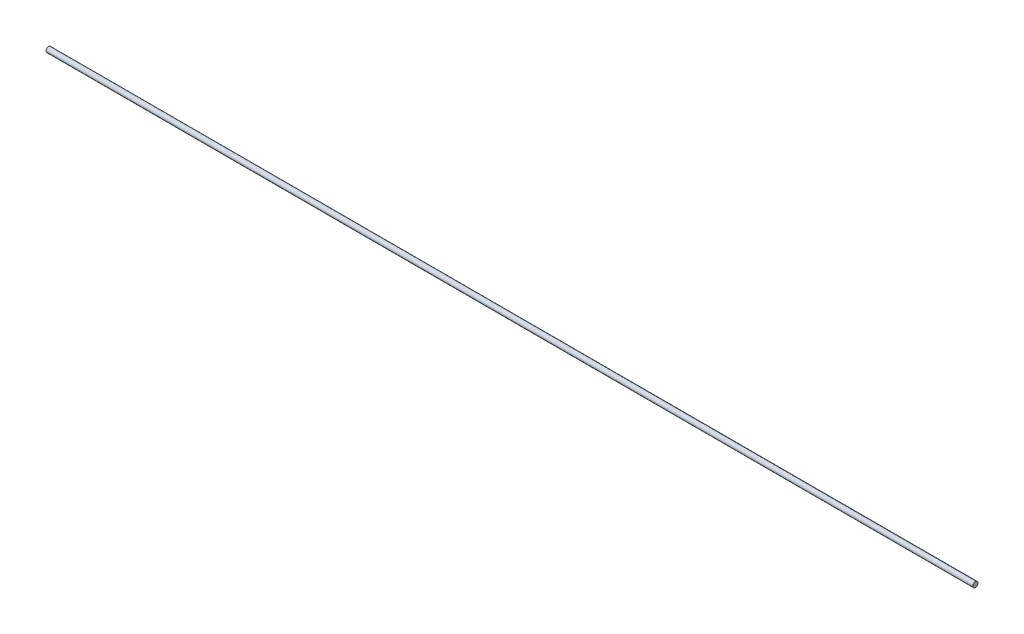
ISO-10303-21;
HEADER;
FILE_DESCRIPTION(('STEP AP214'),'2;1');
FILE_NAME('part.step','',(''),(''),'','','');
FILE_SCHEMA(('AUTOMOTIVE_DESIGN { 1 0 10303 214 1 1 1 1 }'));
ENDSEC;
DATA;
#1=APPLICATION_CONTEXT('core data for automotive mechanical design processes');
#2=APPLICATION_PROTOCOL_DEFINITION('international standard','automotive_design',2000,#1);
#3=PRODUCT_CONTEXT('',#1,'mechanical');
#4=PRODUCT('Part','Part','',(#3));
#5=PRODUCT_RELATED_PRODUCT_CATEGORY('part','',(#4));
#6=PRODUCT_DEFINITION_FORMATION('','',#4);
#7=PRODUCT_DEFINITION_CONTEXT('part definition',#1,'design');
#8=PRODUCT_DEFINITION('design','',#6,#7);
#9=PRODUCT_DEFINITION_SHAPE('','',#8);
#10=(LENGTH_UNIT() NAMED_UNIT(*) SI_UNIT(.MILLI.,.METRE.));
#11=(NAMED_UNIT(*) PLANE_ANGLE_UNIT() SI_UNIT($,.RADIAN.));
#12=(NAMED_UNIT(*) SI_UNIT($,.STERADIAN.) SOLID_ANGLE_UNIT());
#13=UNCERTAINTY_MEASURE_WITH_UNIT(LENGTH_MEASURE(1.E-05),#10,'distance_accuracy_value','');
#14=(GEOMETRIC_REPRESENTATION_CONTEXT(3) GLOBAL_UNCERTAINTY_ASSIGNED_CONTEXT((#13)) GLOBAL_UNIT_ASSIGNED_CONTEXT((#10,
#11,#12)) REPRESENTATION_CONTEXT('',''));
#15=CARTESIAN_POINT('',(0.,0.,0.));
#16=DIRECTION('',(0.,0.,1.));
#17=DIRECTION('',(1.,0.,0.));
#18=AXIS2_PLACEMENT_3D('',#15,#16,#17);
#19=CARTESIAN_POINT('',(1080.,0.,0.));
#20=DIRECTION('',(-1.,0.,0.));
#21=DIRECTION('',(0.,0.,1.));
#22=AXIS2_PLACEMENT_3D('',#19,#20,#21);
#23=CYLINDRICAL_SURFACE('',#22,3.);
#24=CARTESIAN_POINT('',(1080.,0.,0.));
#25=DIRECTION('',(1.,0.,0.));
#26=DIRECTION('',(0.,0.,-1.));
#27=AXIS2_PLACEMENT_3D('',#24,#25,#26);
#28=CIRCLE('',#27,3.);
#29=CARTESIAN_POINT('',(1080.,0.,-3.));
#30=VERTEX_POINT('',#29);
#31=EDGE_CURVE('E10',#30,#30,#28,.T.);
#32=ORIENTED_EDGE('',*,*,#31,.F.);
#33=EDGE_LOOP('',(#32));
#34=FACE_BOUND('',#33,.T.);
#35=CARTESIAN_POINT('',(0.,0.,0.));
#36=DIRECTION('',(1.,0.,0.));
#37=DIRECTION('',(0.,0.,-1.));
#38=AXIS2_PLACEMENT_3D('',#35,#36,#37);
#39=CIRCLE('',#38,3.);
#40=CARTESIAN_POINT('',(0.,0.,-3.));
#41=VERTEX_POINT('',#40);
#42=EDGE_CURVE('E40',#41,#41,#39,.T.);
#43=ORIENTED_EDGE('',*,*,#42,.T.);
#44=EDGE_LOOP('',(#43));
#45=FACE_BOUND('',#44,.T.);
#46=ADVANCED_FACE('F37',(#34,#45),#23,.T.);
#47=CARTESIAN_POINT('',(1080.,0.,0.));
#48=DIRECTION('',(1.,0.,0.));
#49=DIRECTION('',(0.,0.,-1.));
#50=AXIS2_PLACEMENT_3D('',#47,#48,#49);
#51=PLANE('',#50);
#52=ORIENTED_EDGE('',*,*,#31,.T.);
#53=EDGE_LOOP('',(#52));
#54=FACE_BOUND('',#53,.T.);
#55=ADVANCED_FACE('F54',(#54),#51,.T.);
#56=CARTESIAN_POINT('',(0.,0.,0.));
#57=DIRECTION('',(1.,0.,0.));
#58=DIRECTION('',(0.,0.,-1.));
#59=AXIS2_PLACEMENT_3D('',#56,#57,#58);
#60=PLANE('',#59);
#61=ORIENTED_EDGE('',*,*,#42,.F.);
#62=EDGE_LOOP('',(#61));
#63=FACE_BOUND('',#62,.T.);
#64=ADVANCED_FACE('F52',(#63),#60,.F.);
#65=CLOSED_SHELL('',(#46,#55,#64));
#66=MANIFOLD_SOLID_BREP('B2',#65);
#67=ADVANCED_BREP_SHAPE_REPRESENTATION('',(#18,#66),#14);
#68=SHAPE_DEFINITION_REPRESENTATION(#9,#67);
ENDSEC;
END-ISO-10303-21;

::::::

Retype each line above exactly and leave out any picture.

Finished exercise ::
ISO-10303-21;
HEADER;
FILE_DESCRIPTION(('STEP AP214'),'2;1');
FILE_NAME('part.step','',(''),(''),'','','');
FILE_SCHEMA(('AUTOMOTIVE_DESIGN { 1 0 10303 214 1 1 1 1 }'));
ENDSEC;
DATA;
#1=APPLICATION_CONTEXT('core data for automotive mechanical design processes');
#2=APPLICATION_PROTOCOL_DEFINITION('international standard','automotive_design',2000,#1);
#3=PRODUCT_CONTEXT('',#1,'mechanical');
#4=PRODUCT('Part','Part','',(#3));
#5=PRODUCT_RELATED_PRODUCT_CATEGORY('part','',(#4));
#6=PRODUCT_DEFINITION_FORMATION('','',#4);
#7=PRODUCT_DEFINITION_CONTEXT('part definition',#1,'design');
#8=PRODUCT_DEFINITION('design','',#6,#7);
#9=PRODUCT_DEFINITION_SHAPE('','',#8);
#10=(LENGTH_UNIT() NAMED_UNIT(*) SI_UNIT(.MILLI.,.METRE.));
#11=(NAMED_UNIT(*) PLANE_ANGLE_UNIT() SI_UNIT($,.RADIAN.));
#12=(NAMED_UNIT(*) SI_UNIT($,.STERADIAN.) SOLID_ANGLE_UNIT());
#13=UNCERTAINTY_MEASURE_WITH_UNIT(LENGTH_MEASURE(1.E-05),#10,'distance_accuracy_value','');
#14=(GEOMETRIC_REPRESENTATION_CONTEXT(3) GLOBAL_UNCERTAINTY_ASSIGNED_CONTEXT((#13)) GLOBAL_UNIT_ASSIGNED_CONTEXT((#10,
#11,#12)) REPRESENTATION_CONTEXT('',''));
#15=CARTESIAN_POINT('',(0.,0.,0.));
#16=DIRECTION('',(0.,0.,1.));
#17=DIRECTION('',(1.,0.,0.));
#18=AXIS2_PLACEMENT_3D('',#15,#16,#17);
#19=CARTESIAN_POINT('',(1080.,0.,0.));
#20=DIRECTION('',(-1.,0.,0.));
#21=DIRECTION('',(0.,0.,1.));
#22=AXIS2_PLACEMENT_3D('',#19,#20,#21);
#23=CYLINDRICAL_SURFACE('',#22,3.);
#24=CARTESIAN_POINT('',(1080.,0.,0.));
#25=DIRECTION('',(1.,0.,0.));
#26=DIRECTION('',(0.,0.,-1.));
#27=AXIS2_PLACEMENT_3D('',#24,#25,#26);
#28=CIRCLE('',#27,3.);
#29=CARTESIAN_POINT('',(1080.,0.,-3.));
#30=VERTEX_POINT('',#29);
#31=EDGE_CURVE('E10',#30,#30,#28,.T.);
#32=ORIENTED_EDGE('',*,*,#31,.F.);
#33=EDGE_LOOP('',(#32));
#34=FACE_BOUND('',#33,.T.);
#35=CARTESIAN_POINT('',(0.,0.,0.));
#36=DIRECTION('',(1.,0.,0.));
#37=DIRECTION('',(0.,0.,-1.));
#38=AXIS2_PLACEMENT_3D('',#35,#36,#37);
#39=CIRCLE('',#38,3.);
#40=CARTESIAN_POINT('',(0.,0.,-3.));
#41=VERTEX_POINT('',#40);
#42=EDGE_CURVE('E40',#41,#41,#39,.T.);
#43=ORIENTED_EDGE('',*,*,#42,.T.);
#44=EDGE_LOOP('',(#43));
#45=FACE_BOUND('',#44,.T.);
#46=ADVANCED_FACE('F37',(#34,#45),#23,.T.);
#47=CARTESIAN_POINT('',(1080.,0.,0.));
#48=DIRECTION('',(1.,0.,0.));
#49=DIRECTION('',(0.,0.,-1.));
#50=AXIS2_PLACEMENT_3D('',#47,#48,#49);
#51=PLANE('',#50);
#52=ORIENTED_EDGE('',*,*,#31,.T.);
#53=EDGE_LOOP('',(#52));
#54=FACE_BOUND('',#53,.T.);
#55=ADVANCED_FACE('F54',(#54),#51,.T.);
#56=CARTESIAN_POINT('',(0.,0.,0.));
#57=DIRECTION('',(1.,0.,0.));
#58=DIRECTION('',(0.,0.,-1.));
#59=AXIS2_PLACEMENT_3D('',#56,#57,#58);
#60=PLANE('',#59);
#61=ORIENTED_EDGE('',*,*,#42,.F.);
#62=EDGE_LOOP('',(#61));
#63=FACE_BOUND('',#62,.T.);
#64=ADVANCED_FACE('F52',(#63),#60,.F.);
#65=CLOSED_SHELL('',(#46,#55,#64));
#66=MANIFOLD_SOLID_BREP('B2',#65);
#67=ADVANCED_BREP_SHAPE_REPRESENTATION('',(#18,#66),#14);
#68=SHAPE_DEFINITION_REPRESENTATION(#9,#67);
ENDSEC;
END-ISO-10303-21;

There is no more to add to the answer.